((
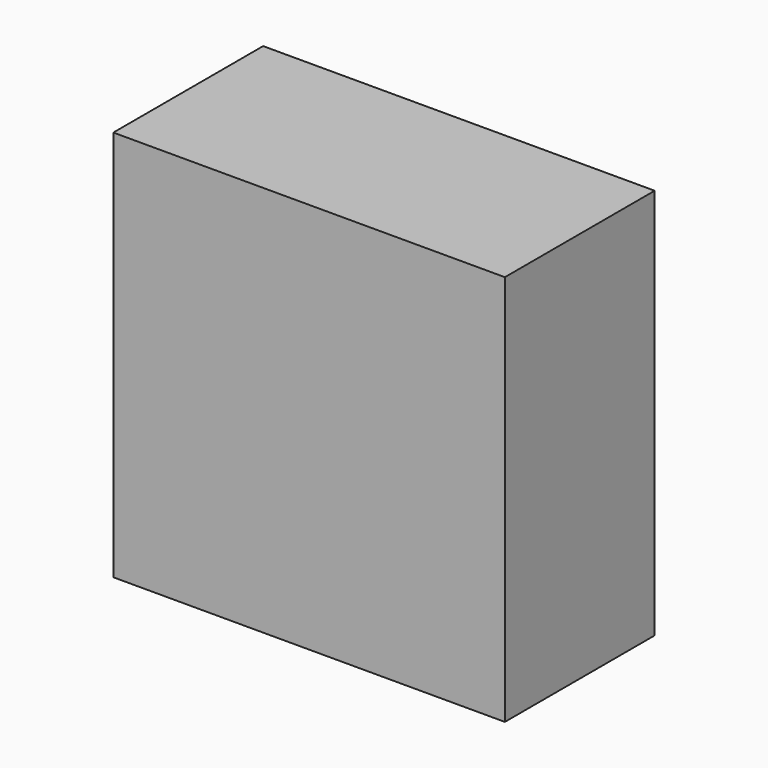
from build123d import *

# Parameters (mm, degrees)
F0_W     = 31.8670235574
F0_H     = 31.8670235574
F2_DEPTH = 15.24


# Not quite as in the source:
# - the program builds the solid bodies; features that only make, move or delete a surface that nothing else refers to are left out


with BuildPart() as f2:
    # F0 (on Front) → F2 (new body)
    with BuildSketch(Plane.XZ):
        with Locations((-15.9335117787, 21.2193038315)):
            Rectangle(F0_W, F0_H)
    extrude(amount=F2_DEPTH)


solid = f2.part
))
**PROMPT**
Skipping the images, write out the whole listing exactly.

**TASK OUTPUT**
from build123d import *

# Parameters (mm, degrees)
F0_W     = 31.8670235574
F0_H     = 31.8670235574
F2_DEPTH = 15.24


# Not quite as in the source:
# - the program builds the solid bodies; features that only make, move or delete a surface that nothing else refers to are left out


with BuildPart() as f2:
    # F0 (on Front) → F2 (new body)
    with BuildSketch(Plane.XZ):
        with Locations((-15.9335117787, 21.2193038315)):
            Rectangle(F0_W, F0_H)
    extrude(amount=F2_DEPTH)


solid = f2.part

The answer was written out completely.